Your objective
Each line from the first entry to the line with "#10=(LENGTH_UNIT() NAMED_UNIT(*) SI_UNIT(.MILLI.,.METRE.));", both included, is to be returned unchanged, with any pictures dropped.

Working data
┄┄┄┄┄┄┄┄┄┄
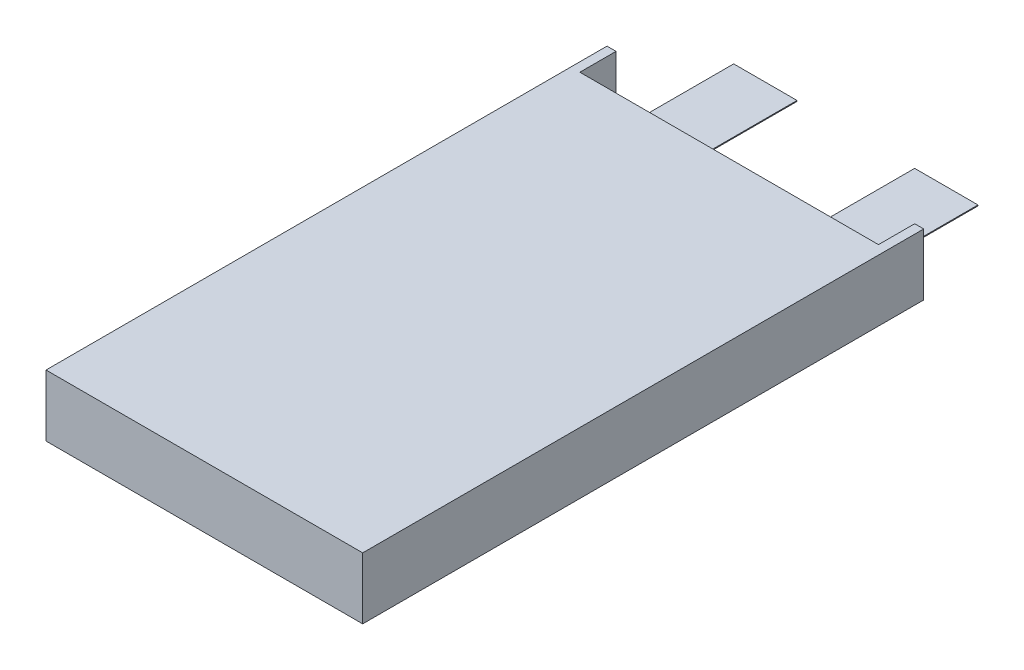
ISO-10303-21;
HEADER;
FILE_DESCRIPTION(('STEP AP214'),'2;1');
FILE_NAME('part.step','',(''),(''),'','','');
FILE_SCHEMA(('AUTOMOTIVE_DESIGN { 1 0 10303 214 1 1 1 1 }'));
ENDSEC;
DATA;
#1=APPLICATION_CONTEXT('core data for automotive mechanical design processes');
#2=APPLICATION_PROTOCOL_DEFINITION('international standard','automotive_design',2000,#1);
#3=PRODUCT_CONTEXT('',#1,'mechanical');
#4=PRODUCT('Part','Part','',(#3));
#5=PRODUCT_RELATED_PRODUCT_CATEGORY('part','',(#4));
#6=PRODUCT_DEFINITION_FORMATION('','',#4);
#7=PRODUCT_DEFINITION_CONTEXT('part definition',#1,'design');
#8=PRODUCT_DEFINITION('design','',#6,#7);
#9=PRODUCT_DEFINITION_SHAPE('','',#8);
#10=(LENGTH_UNIT() NAMED_UNIT(*) SI_UNIT(.MILLI.,.METRE.));
#11=(NAMED_UNIT(*) PLANE_ANGLE_UNIT() SI_UNIT($,.RADIAN.));
#12=(NAMED_UNIT(*) SI_UNIT($,.STERADIAN.) SOLID_ANGLE_UNIT());
#13=UNCERTAINTY_MEASURE_WITH_UNIT(LENGTH_MEASURE(1.E-05),#10,'distance_accuracy_value','');
#14=(GEOMETRIC_REPRESENTATION_CONTEXT(3) GLOBAL_UNCERTAINTY_ASSIGNED_CONTEXT((#13)) GLOBAL_UNIT_ASSIGNED_CONTEXT((#10,
#11,#12)) REPRESENTATION_CONTEXT('',''));
#15=CARTESIAN_POINT('',(0.,0.,0.));
#16=DIRECTION('',(0.,0.,1.));
#17=DIRECTION('',(1.,0.,0.));
#18=AXIS2_PLACEMENT_3D('',#15,#16,#17);
#19=CARTESIAN_POINT('',(6.5,2.,-41.));
#20=DIRECTION('',(1.,0.,0.));
#21=DIRECTION('',(0.,0.,-1.));
#22=AXIS2_PLACEMENT_3D('',#19,#20,#21);
#23=PLANE('',#22);
#24=DIRECTION('',(0.,0.,-1.));
#25=VECTOR('',#24,1.);
#26=CARTESIAN_POINT('',(6.5,2.1,-41.));
#27=LINE('',#26,#25);
#28=CARTESIAN_POINT('',(6.5,2.1,-31.));
#29=VERTEX_POINT('',#28);
#30=CARTESIAN_POINT('',(6.5,2.1,-41.));
#31=VERTEX_POINT('',#30);
#32=EDGE_CURVE('E184',#29,#31,#27,.T.);
#33=ORIENTED_EDGE('',*,*,#32,.T.);
#34=DIRECTION('',(0.,1.,0.));
#35=VECTOR('',#34,1.);
#36=CARTESIAN_POINT('',(6.5,2.1,-41.));
#37=LINE('',#36,#35);
#38=CARTESIAN_POINT('',(6.5,2.,-41.));
#39=VERTEX_POINT('',#38);
#40=EDGE_CURVE('E165',#31,#39,#37,.F.);
#41=ORIENTED_EDGE('',*,*,#40,.T.);
#42=DIRECTION('',(0.,0.,1.));
#43=VECTOR('',#42,1.);
#44=CARTESIAN_POINT('',(6.5,2.,-41.));
#45=LINE('',#44,#43);
#46=CARTESIAN_POINT('',(6.5,2.,-31.));
#47=VERTEX_POINT('',#46);
#48=EDGE_CURVE('E180',#39,#47,#45,.T.);
#49=ORIENTED_EDGE('',*,*,#48,.T.);
#50=DIRECTION('',(0.,1.,0.));
#51=VECTOR('',#50,1.);
#52=CARTESIAN_POINT('',(6.5,2.,-31.));
#53=LINE('',#52,#51);
#54=EDGE_CURVE('E19',#29,#47,#53,.F.);
#55=ORIENTED_EDGE('',*,*,#54,.F.);
#56=EDGE_LOOP('',(#33,#41,#49,#55));
#57=FACE_BOUND('',#56,.T.);
#58=ADVANCED_FACE('F16',(#57),#23,.F.);
#59=CARTESIAN_POINT('',(13.5,2.1,-41.));
#60=DIRECTION('',(0.,0.,1.));
#61=DIRECTION('',(1.,0.,0.));
#62=AXIS2_PLACEMENT_3D('',#59,#60,#61);
#63=PLANE('',#62);
#64=DIRECTION('',(1.,0.,0.));
#65=VECTOR('',#64,1.);
#66=CARTESIAN_POINT('',(13.5,2.,-41.));
#67=LINE('',#66,#65);
#68=CARTESIAN_POINT('',(13.5,2.,-41.));
#69=VERTEX_POINT('',#68);
#70=EDGE_CURVE('E185',#69,#39,#67,.F.);
#71=ORIENTED_EDGE('',*,*,#70,.T.);
#72=ORIENTED_EDGE('',*,*,#40,.F.);
#73=DIRECTION('',(1.,0.,0.));
#74=VECTOR('',#73,1.);
#75=CARTESIAN_POINT('',(13.5,2.1,-41.));
#76=LINE('',#75,#74);
#77=CARTESIAN_POINT('',(13.5,2.1,-41.));
#78=VERTEX_POINT('',#77);
#79=EDGE_CURVE('E243',#31,#78,#76,.T.);
#80=ORIENTED_EDGE('',*,*,#79,.T.);
#81=DIRECTION('',(0.,1.,0.));
#82=VECTOR('',#81,1.);
#83=CARTESIAN_POINT('',(13.5,2.,-41.));
#84=LINE('',#83,#82);
#85=EDGE_CURVE('E164',#78,#69,#84,.F.);
#86=ORIENTED_EDGE('',*,*,#85,.T.);
#87=EDGE_LOOP('',(#71,#72,#80,#86));
#88=FACE_BOUND('',#87,.T.);
#89=ADVANCED_FACE('F438',(#88),#63,.F.);
#90=CARTESIAN_POINT('',(13.5,2.,-41.));
#91=DIRECTION('',(-1.,0.,0.));
#92=DIRECTION('',(0.,0.,1.));
#93=AXIS2_PLACEMENT_3D('',#90,#91,#92);
#94=PLANE('',#93);
#95=DIRECTION('',(0.,0.,1.));
#96=VECTOR('',#95,1.);
#97=CARTESIAN_POINT('',(13.5,2.,-41.));
#98=LINE('',#97,#96);
#99=CARTESIAN_POINT('',(13.5,2.,-31.));
#100=VERTEX_POINT('',#99);
#101=EDGE_CURVE('E190',#100,#69,#98,.F.);
#102=ORIENTED_EDGE('',*,*,#101,.T.);
#103=ORIENTED_EDGE('',*,*,#85,.F.);
#104=DIRECTION('',(0.,0.,-1.));
#105=VECTOR('',#104,1.);
#106=CARTESIAN_POINT('',(13.5,2.1,-41.));
#107=LINE('',#106,#105);
#108=CARTESIAN_POINT('',(13.5,2.1,-31.));
#109=VERTEX_POINT('',#108);
#110=EDGE_CURVE('E240',#78,#109,#107,.F.);
#111=ORIENTED_EDGE('',*,*,#110,.T.);
#112=DIRECTION('',(0.,1.,0.));
#113=VECTOR('',#112,1.);
#114=CARTESIAN_POINT('',(13.5,2.,-31.));
#115=LINE('',#114,#113);
#116=EDGE_CURVE('E162',#100,#109,#115,.T.);
#117=ORIENTED_EDGE('',*,*,#116,.F.);
#118=EDGE_LOOP('',(#102,#103,#111,#117));
#119=FACE_BOUND('',#118,.T.);
#120=ADVANCED_FACE('F429',(#119),#94,.F.);
#121=CARTESIAN_POINT('',(-13.5,2.,-41.));
#122=DIRECTION('',(1.,0.,0.));
#123=DIRECTION('',(0.,0.,-1.));
#124=AXIS2_PLACEMENT_3D('',#121,#122,#123);
#125=PLANE('',#124);
#126=DIRECTION('',(0.,0.,1.));
#127=VECTOR('',#126,1.);
#128=CARTESIAN_POINT('',(-13.5,2.1,-41.));
#129=LINE('',#128,#127);
#130=CARTESIAN_POINT('',(-13.5,2.1,-31.));
#131=VERTEX_POINT('',#130);
#132=CARTESIAN_POINT('',(-13.5,2.1,-41.));
#133=VERTEX_POINT('',#132);
#134=EDGE_CURVE('E228',#131,#133,#129,.F.);
#135=ORIENTED_EDGE('',*,*,#134,.T.);
#136=DIRECTION('',(0.,1.,0.));
#137=VECTOR('',#136,1.);
#138=CARTESIAN_POINT('',(-13.5,2.1,-41.));
#139=LINE('',#138,#137);
#140=CARTESIAN_POINT('',(-13.5,2.,-41.));
#141=VERTEX_POINT('',#140);
#142=EDGE_CURVE('E158',#133,#141,#139,.F.);
#143=ORIENTED_EDGE('',*,*,#142,.T.);
#144=DIRECTION('',(0.,0.,1.));
#145=VECTOR('',#144,1.);
#146=CARTESIAN_POINT('',(-13.5,2.,-41.));
#147=LINE('',#146,#145);
#148=CARTESIAN_POINT('',(-13.5,2.,-31.));
#149=VERTEX_POINT('',#148);
#150=EDGE_CURVE('E231',#141,#149,#147,.T.);
#151=ORIENTED_EDGE('',*,*,#150,.T.);
#152=DIRECTION('',(0.,1.,0.));
#153=VECTOR('',#152,1.);
#154=CARTESIAN_POINT('',(-13.5,2.,-31.));
#155=LINE('',#154,#153);
#156=EDGE_CURVE('E160',#131,#149,#155,.F.);
#157=ORIENTED_EDGE('',*,*,#156,.F.);
#158=EDGE_LOOP('',(#135,#143,#151,#157));
#159=FACE_BOUND('',#158,.T.);
#160=ADVANCED_FACE('F281',(#159),#125,.F.);
#161=CARTESIAN_POINT('',(-6.5,2.1,-41.));
#162=DIRECTION('',(0.,0.,1.));
#163=DIRECTION('',(1.,0.,0.));
#164=AXIS2_PLACEMENT_3D('',#161,#162,#163);
#165=PLANE('',#164);
#166=DIRECTION('',(1.,0.,0.));
#167=VECTOR('',#166,1.);
#168=CARTESIAN_POINT('',(-6.5,2.,-41.));
#169=LINE('',#168,#167);
#170=CARTESIAN_POINT('',(-6.5,2.,-41.));
#171=VERTEX_POINT('',#170);
#172=EDGE_CURVE('E234',#171,#141,#169,.F.);
#173=ORIENTED_EDGE('',*,*,#172,.T.);
#174=ORIENTED_EDGE('',*,*,#142,.F.);
#175=DIRECTION('',(1.,0.,0.));
#176=VECTOR('',#175,1.);
#177=CARTESIAN_POINT('',(-6.5,2.1,-41.));
#178=LINE('',#177,#176);
#179=CARTESIAN_POINT('',(-6.5,2.1,-41.));
#180=VERTEX_POINT('',#179);
#181=EDGE_CURVE('E225',#133,#180,#178,.T.);
#182=ORIENTED_EDGE('',*,*,#181,.T.);
#183=DIRECTION('',(0.,-1.,0.));
#184=VECTOR('',#183,1.);
#185=CARTESIAN_POINT('',(-6.5,2.,-41.));
#186=LINE('',#185,#184);
#187=EDGE_CURVE('E156',#180,#171,#186,.T.);
#188=ORIENTED_EDGE('',*,*,#187,.T.);
#189=EDGE_LOOP('',(#173,#174,#182,#188));
#190=FACE_BOUND('',#189,.T.);
#191=ADVANCED_FACE('F284',(#190),#165,.F.);
#192=CARTESIAN_POINT('',(-6.5,2.,-41.));
#193=DIRECTION('',(-1.,0.,0.));
#194=DIRECTION('',(0.,-1.,0.));
#195=AXIS2_PLACEMENT_3D('',#192,#193,#194);
#196=PLANE('',#195);
#197=DIRECTION('',(0.,0.,1.));
#198=VECTOR('',#197,1.);
#199=CARTESIAN_POINT('',(-6.5,2.,-41.));
#200=LINE('',#199,#198);
#201=CARTESIAN_POINT('',(-6.5,2.,-31.));
#202=VERTEX_POINT('',#201);
#203=EDGE_CURVE('E237',#202,#171,#200,.F.);
#204=ORIENTED_EDGE('',*,*,#203,.T.);
#205=ORIENTED_EDGE('',*,*,#187,.F.);
#206=DIRECTION('',(0.,0.,1.));
#207=VECTOR('',#206,1.);
#208=CARTESIAN_POINT('',(-6.5,2.1,-41.));
#209=LINE('',#208,#207);
#210=CARTESIAN_POINT('',(-6.5,2.1,-31.));
#211=VERTEX_POINT('',#210);
#212=EDGE_CURVE('E222',#180,#211,#209,.T.);
#213=ORIENTED_EDGE('',*,*,#212,.T.);
#214=DIRECTION('',(0.,-1.,0.));
#215=VECTOR('',#214,1.);
#216=CARTESIAN_POINT('',(-6.5,2.,-31.));
#217=LINE('',#216,#215);
#218=EDGE_CURVE('E144',#202,#211,#217,.F.);
#219=ORIENTED_EDGE('',*,*,#218,.F.);
#220=EDGE_LOOP('',(#204,#205,#213,#219));
#221=FACE_BOUND('',#220,.T.);
#222=ADVANCED_FACE('F289',(#221),#196,.F.);
#223=CARTESIAN_POINT('',(-16.5,2.8,-27.));
#224=DIRECTION('',(0.,0.,1.));
#225=DIRECTION('',(1.,0.,0.));
#226=AXIS2_PLACEMENT_3D('',#223,#224,#225);
#227=PLANE('',#226);
#228=DIRECTION('',(0.,1.,0.));
#229=VECTOR('',#228,1.);
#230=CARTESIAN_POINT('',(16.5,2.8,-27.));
┄┄┄┄┄┄┄┄┄┄
Response
ISO-10303-21;
HEADER;
FILE_DESCRIPTION(('STEP AP214'),'2;1');
FILE_NAME('part.step','',(''),(''),'','','');
FILE_SCHEMA(('AUTOMOTIVE_DESIGN { 1 0 10303 214 1 1 1 1 }'));
ENDSEC;
DATA;
#1=APPLICATION_CONTEXT('core data for automotive mechanical design processes');
#2=APPLICATION_PROTOCOL_DEFINITION('international standard','automotive_design',2000,#1);
#3=PRODUCT_CONTEXT('',#1,'mechanical');
#4=PRODUCT('Part','Part','',(#3));
#5=PRODUCT_RELATED_PRODUCT_CATEGORY('part','',(#4));
#6=PRODUCT_DEFINITION_FORMATION('','',#4);
#7=PRODUCT_DEFINITION_CONTEXT('part definition',#1,'design');
#8=PRODUCT_DEFINITION('design','',#6,#7);
#9=PRODUCT_DEFINITION_SHAPE('','',#8);
#10=(LENGTH_UNIT() NAMED_UNIT(*) SI_UNIT(.MILLI.,.METRE.));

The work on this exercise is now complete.